- [Extracted material]:
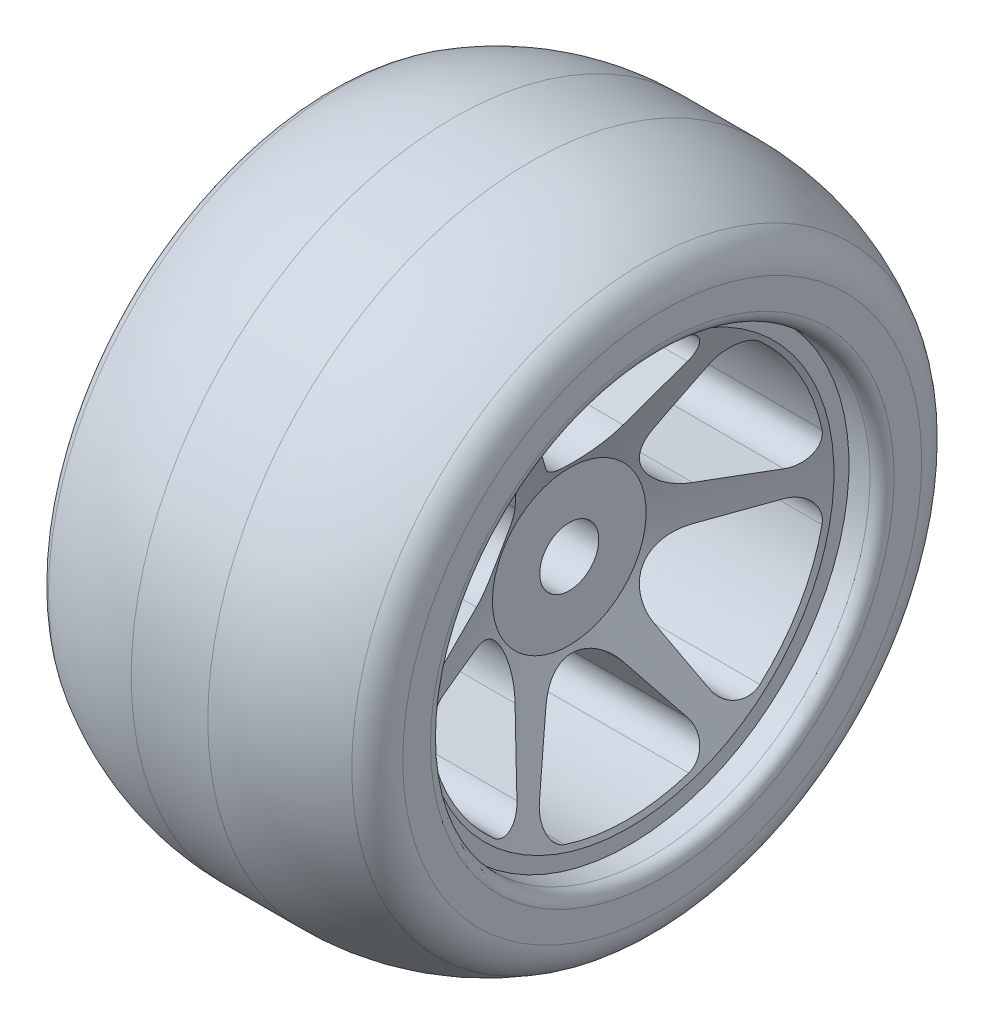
ISO-10303-21;
HEADER;
FILE_DESCRIPTION(('STEP AP214'),'2;1');
FILE_NAME('part.step','',(''),(''),'','','');
FILE_SCHEMA(('AUTOMOTIVE_DESIGN { 1 0 10303 214 1 1 1 1 }'));
ENDSEC;
DATA;
#1=APPLICATION_CONTEXT('core data for automotive mechanical design processes');
#2=APPLICATION_PROTOCOL_DEFINITION('international standard','automotive_design',2000,#1);
#3=PRODUCT_CONTEXT('',#1,'mechanical');
#4=PRODUCT('Part','Part','',(#3));
#5=PRODUCT_RELATED_PRODUCT_CATEGORY('part','',(#4));
#6=PRODUCT_DEFINITION_FORMATION('','',#4);
#7=PRODUCT_DEFINITION_CONTEXT('part definition',#1,'design');
#8=PRODUCT_DEFINITION('design','',#6,#7);
#9=PRODUCT_DEFINITION_SHAPE('','',#8);
#10=(LENGTH_UNIT() NAMED_UNIT(*) SI_UNIT(.MILLI.,.METRE.));
#11=(NAMED_UNIT(*) PLANE_ANGLE_UNIT() SI_UNIT($,.RADIAN.));
#12=(NAMED_UNIT(*) SI_UNIT($,.STERADIAN.) SOLID_ANGLE_UNIT());
#13=UNCERTAINTY_MEASURE_WITH_UNIT(LENGTH_MEASURE(1.E-05),#10,'distance_accuracy_value','');
#14=(GEOMETRIC_REPRESENTATION_CONTEXT(3) GLOBAL_UNCERTAINTY_ASSIGNED_CONTEXT((#13)) GLOBAL_UNIT_ASSIGNED_CONTEXT((#10,
#11,#12)) REPRESENTATION_CONTEXT('',''));
#15=CARTESIAN_POINT('',(0.,0.,0.));
#16=DIRECTION('',(0.,0.,1.));
#17=DIRECTION('',(1.,0.,0.));
#18=AXIS2_PLACEMENT_3D('',#15,#16,#17);
#19=CARTESIAN_POINT('',(49.276,-37.211,2.59843024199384E-13));
#20=DIRECTION('',(-1.,0.,0.));
#21=DIRECTION('',(0.,0.,1.));
#22=AXIS2_PLACEMENT_3D('',#19,#20,#21);
#23=PLANE('',#22);
#24=CARTESIAN_POINT('',(49.276,0.,0.));
#25=DIRECTION('',(-1.,0.,0.));
#26=DIRECTION('',(0.,0.,1.));
#27=AXIS2_PLACEMENT_3D('',#24,#25,#26);
#28=CIRCLE('',#27,39.243);
#29=CARTESIAN_POINT('',(49.276,0.,39.243));
#30=VERTEX_POINT('',#29);
#31=EDGE_CURVE('E58',#30,#30,#28,.T.);
#32=ORIENTED_EDGE('',*,*,#31,.T.);
#33=EDGE_LOOP('',(#32));
#34=FACE_BOUND('',#33,.T.);
#35=CARTESIAN_POINT('',(49.276,0.,0.));
#36=DIRECTION('',(-1.,0.,0.));
#37=DIRECTION('',(0.,0.,1.));
#38=AXIS2_PLACEMENT_3D('',#35,#36,#37);
#39=CIRCLE('',#38,43.9378534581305);
#40=CARTESIAN_POINT('',(49.276,0.,43.9378534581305));
#41=VERTEX_POINT('',#40);
#42=EDGE_CURVE('E63',#41,#41,#39,.F.);
#43=ORIENTED_EDGE('',*,*,#42,.T.);
#44=EDGE_LOOP('',(#43));
#45=FACE_BOUND('',#44,.T.);
#46=ADVANCED_FACE('F43',(#34,#45),#23,.F.);
#47=CARTESIAN_POINT('',(26.9330217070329,0.,0.));
#48=DIRECTION('',(-1.,0.,0.));
#49=DIRECTION('',(0.,0.,1.));
#50=AXIS2_PLACEMENT_3D('',#47,#48,#49);
#51=DEGENERATE_TOROIDAL_SURFACE('',#50,16.51,38.1,.T.);
#52=CARTESIAN_POINT('',(46.1245956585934,0.,0.));
#53=DIRECTION('',(-1.,0.,0.));
#54=DIRECTION('',(0.,0.,1.));
#55=AXIS2_PLACEMENT_3D('',#52,#53,#54);
#56=CIRCLE('',#55,49.4234241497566);
#57=CARTESIAN_POINT('',(46.1245956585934,0.,49.4234241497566));
#58=VERTEX_POINT('',#57);
#59=EDGE_CURVE('E66',#58,#58,#56,.T.);
#60=ORIENTED_EDGE('',*,*,#59,.T.);
#61=EDGE_LOOP('',(#60));
#62=FACE_BOUND('',#61,.T.);
#63=CARTESIAN_POINT('',(26.9330217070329,0.,0.));
#64=DIRECTION('',(-1.,0.,0.));
#65=DIRECTION('',(0.,0.,1.));
#66=AXIS2_PLACEMENT_3D('',#63,#64,#65);
#67=CIRCLE('',#66,54.61);
#68=CARTESIAN_POINT('',(26.9330217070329,0.,54.61));
#69=VERTEX_POINT('',#68);
#70=EDGE_CURVE('E75',#69,#69,#67,.T.);
#71=ORIENTED_EDGE('',*,*,#70,.F.);
#72=EDGE_LOOP('',(#71));
#73=FACE_BOUND('',#72,.T.);
#74=ADVANCED_FACE('F87',(#62,#73),#51,.T.);
#75=CARTESIAN_POINT('',(0.,0.,0.));
#76=DIRECTION('',(-1.,0.,0.));
#77=DIRECTION('',(0.,0.,1.));
#78=AXIS2_PLACEMENT_3D('',#75,#76,#77);
#79=CYLINDRICAL_SURFACE('',#78,54.61);
#80=CARTESIAN_POINT('',(13.9609782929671,0.,0.));
#81=DIRECTION('',(-1.,0.,0.));
#82=DIRECTION('',(0.,0.,1.));
#83=AXIS2_PLACEMENT_3D('',#80,#81,#82);
#84=CIRCLE('',#83,54.61);
#85=CARTESIAN_POINT('',(13.9609782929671,0.,54.61));
#86=VERTEX_POINT('',#85);
#87=EDGE_CURVE('E78',#86,#86,#84,.T.);
#88=ORIENTED_EDGE('',*,*,#87,.F.);
#89=EDGE_LOOP('',(#88));
#90=FACE_BOUND('',#89,.T.);
#91=ORIENTED_EDGE('',*,*,#70,.T.);
#92=EDGE_LOOP('',(#91));
#93=FACE_BOUND('',#92,.T.);
#94=ADVANCED_FACE('F84',(#90,#93),#79,.T.);
#95=CARTESIAN_POINT('',(13.9609782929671,0.,0.));
#96=DIRECTION('',(-1.,0.,0.));
#97=DIRECTION('',(0.,0.,1.));
#98=AXIS2_PLACEMENT_3D('',#95,#96,#97);
#99=DEGENERATE_TOROIDAL_SURFACE('',#98,16.51,38.1,.T.);
#100=CARTESIAN_POINT('',(-5.23059565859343,0.,0.));
#101=DIRECTION('',(1.,0.,0.));
#102=DIRECTION('',(0.,0.,-1.));
#103=AXIS2_PLACEMENT_3D('',#100,#101,#102);
#104=CIRCLE('',#103,49.4234241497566);
#105=CARTESIAN_POINT('',(-5.23059565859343,0.,-49.4234241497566));
#106=VERTEX_POINT('',#105);
#107=EDGE_CURVE('E69',#106,#106,#104,.T.);
#108=ORIENTED_EDGE('',*,*,#107,.T.);
#109=EDGE_LOOP('',(#108));
#110=FACE_BOUND('',#109,.T.);
#111=ORIENTED_EDGE('',*,*,#87,.T.);
#112=EDGE_LOOP('',(#111));
#113=FACE_BOUND('',#112,.T.);
#114=ADVANCED_FACE('F82',(#110,#113),#99,.T.);
#115=CARTESIAN_POINT('',(-8.382,-37.211,2.59843024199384E-13));
#116=DIRECTION('',(1.,0.,0.));
#117=DIRECTION('',(0.,0.,-1.));
#118=AXIS2_PLACEMENT_3D('',#115,#116,#117);
#119=PLANE('',#118);
#120=CARTESIAN_POINT('',(-8.382,0.,0.));
#121=DIRECTION('',(1.,0.,0.));
#122=DIRECTION('',(0.,0.,-1.));
#123=AXIS2_PLACEMENT_3D('',#120,#121,#122);
#124=CIRCLE('',#123,39.243);
#125=CARTESIAN_POINT('',(-8.382,0.,-39.243));
#126=VERTEX_POINT('',#125);
#127=EDGE_CURVE('E11',#126,#126,#124,.T.);
#128=ORIENTED_EDGE('',*,*,#127,.T.);
#129=EDGE_LOOP('',(#128));
#130=FACE_BOUND('',#129,.T.);
#131=CARTESIAN_POINT('',(-8.382,0.,0.));
#132=DIRECTION('',(1.,0.,0.));
#133=DIRECTION('',(0.,0.,-1.));
#134=AXIS2_PLACEMENT_3D('',#131,#132,#133);
#135=CIRCLE('',#134,43.9378534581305);
#136=CARTESIAN_POINT('',(-8.382,0.,-43.9378534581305));
#137=VERTEX_POINT('',#136);
#138=EDGE_CURVE('E72',#137,#137,#135,.F.);
#139=ORIENTED_EDGE('',*,*,#138,.T.);
#140=EDGE_LOOP('',(#139));
#141=FACE_BOUND('',#140,.T.);
#142=ADVANCED_FACE('F128',(#130,#141),#119,.F.);
#143=CARTESIAN_POINT('',(0.,0.,0.));
#144=DIRECTION('',(-1.,0.,0.));
#145=DIRECTION('',(0.,0.,1.));
#146=AXIS2_PLACEMENT_3D('',#143,#144,#145);
#147=CYLINDRICAL_SURFACE('',#146,37.211);
#148=CARTESIAN_POINT('',(47.244,0.,0.));
#149=DIRECTION('',(-1.,0.,0.));
#150=DIRECTION('',(0.,0.,1.));
#151=AXIS2_PLACEMENT_3D('',#148,#149,#150);
#152=CIRCLE('',#151,37.211);
#153=CARTESIAN_POINT('',(47.244,0.,37.211));
#154=VERTEX_POINT('',#153);
#155=EDGE_CURVE('E50',#154,#154,#152,.F.);
#156=ORIENTED_EDGE('',*,*,#155,.T.);
#157=EDGE_LOOP('',(#156));
#158=FACE_BOUND('',#157,.T.);
#159=CARTESIAN_POINT('',(-6.35,0.,0.));
#160=DIRECTION('',(1.,0.,0.));
#161=DIRECTION('',(0.,0.,-1.));
#162=AXIS2_PLACEMENT_3D('',#159,#160,#161);
#163=CIRCLE('',#162,37.211);
#164=CARTESIAN_POINT('',(-6.35,0.,-37.211));
#165=VERTEX_POINT('',#164);
#166=EDGE_CURVE('E54',#165,#165,#163,.F.);
#167=ORIENTED_EDGE('',*,*,#166,.T.);
#168=EDGE_LOOP('',(#167));
#169=FACE_BOUND('',#168,.T.);
#170=ADVANCED_FACE('F105',(#158,#169),#147,.F.);
#171=CARTESIAN_POINT('',(-2.032,0.,0.));
#172=DIRECTION('',(1.,0.,0.));
#173=DIRECTION('',(0.,0.,-1.));
#174=AXIS2_PLACEMENT_3D('',#171,#172,#173);
#175=TOROIDAL_SURFACE('',#174,43.9378534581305,6.35);
#176=ORIENTED_EDGE('',*,*,#107,.F.);
#177=EDGE_LOOP('',(#176));
#178=FACE_BOUND('',#177,.T.);
#179=ORIENTED_EDGE('',*,*,#138,.F.);
#180=EDGE_LOOP('',(#179));
#181=FACE_BOUND('',#180,.T.);
#182=ADVANCED_FACE('F101',(#178,#181),#175,.T.);
#183=CARTESIAN_POINT('',(42.926,0.,0.));
#184=DIRECTION('',(-1.,0.,0.));
#185=DIRECTION('',(0.,0.,1.));
#186=AXIS2_PLACEMENT_3D('',#183,#184,#185);
#187=TOROIDAL_SURFACE('',#186,43.9378534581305,6.35);
#188=ORIENTED_EDGE('',*,*,#42,.F.);
#189=EDGE_LOOP('',(#188));
#190=FACE_BOUND('',#189,.T.);
#191=ORIENTED_EDGE('',*,*,#59,.F.);
#192=EDGE_LOOP('',(#191));
#193=FACE_BOUND('',#192,.T.);
#194=ADVANCED_FACE('F104',(#190,#193),#187,.T.);
#195=CARTESIAN_POINT('',(47.244,0.,0.));
#196=DIRECTION('',(-1.,0.,0.));
#197=DIRECTION('',(0.,0.,1.));
#198=AXIS2_PLACEMENT_3D('',#195,#196,#197);
#199=TOROIDAL_SURFACE('',#198,39.243,2.032);
#200=ORIENTED_EDGE('',*,*,#155,.F.);
#201=EDGE_LOOP('',(#200));
#202=FACE_BOUND('',#201,.T.);
#203=ORIENTED_EDGE('',*,*,#31,.F.);
#204=EDGE_LOOP('',(#203));
#205=FACE_BOUND('',#204,.T.);
#206=ADVANCED_FACE('F108',(#202,#205),#199,.T.);
#207=CARTESIAN_POINT('',(-6.35,0.,0.));
#208=DIRECTION('',(1.,0.,0.));
#209=DIRECTION('',(0.,0.,-1.));
#210=AXIS2_PLACEMENT_3D('',#207,#208,#209);
#211=TOROIDAL_SURFACE('',#210,39.243,2.032);
#212=ORIENTED_EDGE('',*,*,#127,.F.);
#213=EDGE_LOOP('',(#212));
#214=FACE_BOUND('',#213,.T.);
#215=ORIENTED_EDGE('',*,*,#166,.F.);
#216=EDGE_LOOP('',(#215));
#217=FACE_BOUND('',#216,.T.);
#218=ADVANCED_FACE('F45',(#214,#217),#211,.T.);
#219=CLOSED_SHELL('',(#46,#74,#94,#114,#142,#170,#182,#194,#206,#218));
#220=MANIFOLD_SOLID_BREP('B2',#219);
#221=CARTESIAN_POINT('',(0.,-37.211,2.59843024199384E-13));
#222=DIRECTION('',(1.,0.,0.));
#223=DIRECTION('',(0.,0.,-1.));
#224=AXIS2_PLACEMENT_3D('',#221,#222,#223);
#225=PLANE('',#224);
#226=CARTESIAN_POINT('',(0.,-22.1998168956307,19.9092107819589));
#227=DIRECTION('',(1.,0.,0.));
#228=DIRECTION('',(0.,0.,-1.));
#229=AXIS2_PLACEMENT_3D('',#226,#227,#228);
#230=CIRCLE('',#229,3.9624);
#231=CARTESIAN_POINT('',(0.,-23.9064547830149,16.3331793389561));
#232=VERTEX_POINT('',#231);
#233=CARTESIAN_POINT('',(0.,-25.1497073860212,22.5547277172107));
#234=VERTEX_POINT('',#233);
#235=EDGE_CURVE('E491',#232,#234,#230,.F.);
#236=ORIENTED_EDGE('',*,*,#235,.F.);
#237=DIRECTION('',(0.,-0.902491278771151,0.430708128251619));
#238=VECTOR('',#237,1.);
#239=CARTESIAN_POINT('',(0.,-28.3940050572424,18.4748336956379));
#240=LINE('',#239,#238);
#241=CARTESIAN_POINT('',(0.,-14.3352757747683,11.7653960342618));
#242=VERTEX_POINT('',#241);
#243=EDGE_CURVE('E489',#242,#232,#240,.T.);
#244=ORIENTED_EDGE('',*,*,#243,.F.);
#245=CARTESIAN_POINT('',(0.,-10.9219999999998,18.9174589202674));
#246=DIRECTION('',(1.,0.,0.));
#247=DIRECTION('',(0.,0.,-1.));
#248=AXIS2_PLACEMENT_3D('',#245,#246,#247);
#249=CIRCLE('',#248,7.9248);
#250=CARTESIAN_POINT('',(0.,-3.02149396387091,18.2974110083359));
#251=VERTEX_POINT('',#250);
#252=EDGE_CURVE('E487',#251,#242,#249,.F.);
#253=ORIENTED_EDGE('',*,*,#252,.F.);
#254=DIRECTION('',(0.,-0.0782414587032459,-0.996934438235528));
#255=VECTOR('',#254,1.);
#256=CARTESIAN_POINT('',(0.,-4.65802016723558,-2.55482459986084));
#257=LINE('',#256,#255);
#258=CARTESIAN_POINT('',(0.,-2.19172084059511,28.870186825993));
#259=VERTEX_POINT('',#258);
#260=EDGE_CURVE('E485',#259,#251,#257,.T.);
#261=ORIENTED_EDGE('',*,*,#260,.F.);
#262=CARTESIAN_POINT('',(0.,-6.14197385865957,29.1802107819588));
#263=DIRECTION('',(1.,0.,0.));
#264=DIRECTION('',(0.,0.,-1.));
#265=AXIS2_PLACEMENT_3D('',#262,#263,#264);
#266=CIRCLE('',#265,3.9624);
#267=CARTESIAN_POINT('',(0.,-6.95811348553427,33.0576493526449));
#268=VERTEX_POINT('',#267);
#269=EDGE_CURVE('E483',#268,#259,#266,.F.);
#270=ORIENTED_EDGE('',*,*,#269,.F.);
#271=CARTESIAN_POINT('',(0.,0.,0.));
#272=DIRECTION('',(1.,0.,0.));
#273=DIRECTION('',(0.,0.,-1.));
#274=AXIS2_PLACEMENT_3D('',#271,#272,#273);
#275=CIRCLE('',#274,33.782);
#276=EDGE_CURVE('E481',#234,#268,#275,.F.);
#277=ORIENTED_EDGE('',*,*,#276,.F.);
#278=EDGE_LOOP('',(#236,#244,#253,#261,#270,#277));
#279=FACE_BOUND('',#278,.T.);
#280=CARTESIAN_POINT('',(0.,-6.14197385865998,-29.1802107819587));
#281=DIRECTION('',(1.,0.,0.));
#282=DIRECTION('',(0.,0.,-1.));
#283=AXIS2_PLACEMENT_3D('',#280,#281,#282);
#284=CIRCLE('',#283,3.9624);
#285=CARTESIAN_POINT('',(0.,-2.19172084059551,-28.870186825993));
#286=VERTEX_POINT('',#285);
#287=CARTESIAN_POINT('',(0.,-6.95811348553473,-33.0576493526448));
#288=VERTEX_POINT('',#287);
#289=EDGE_CURVE('E551',#286,#288,#284,.F.);
#290=ORIENTED_EDGE('',*,*,#289,.F.);
#291=DIRECTION('',(0.,0.0782414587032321,-0.996934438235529));
#292=VECTOR('',#291,1.);
#293=CARTESIAN_POINT('',(0.,-4.65802016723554,2.55482459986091));
#294=LINE('',#293,#292);
#295=CARTESIAN_POINT('',(0.,-3.02149396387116,-18.2974110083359));
#296=VERTEX_POINT('',#295);
#297=EDGE_CURVE('E549',#296,#286,#294,.T.);
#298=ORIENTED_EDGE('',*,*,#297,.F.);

- [How to complete this task]:
Copy out precisely the lines from the line with "#27=AXIS2_PLACEMENT_3D('',#24,#25,#26);" to the line with "#34=FACE_BOUND('',#33,.T.);" in the material above, including those two lines and omitting all the rest.

- [Output]:
#27=AXIS2_PLACEMENT_3D('',#24,#25,#26);
#28=CIRCLE('',#27,39.243);
#29=CARTESIAN_POINT('',(49.276,0.,39.243));
#30=VERTEX_POINT('',#29);
#31=EDGE_CURVE('E58',#30,#30,#28,.T.);
#32=ORIENTED_EDGE('',*,*,#31,.T.);
#33=EDGE_LOOP('',(#32));
#34=FACE_BOUND('',#33,.T.);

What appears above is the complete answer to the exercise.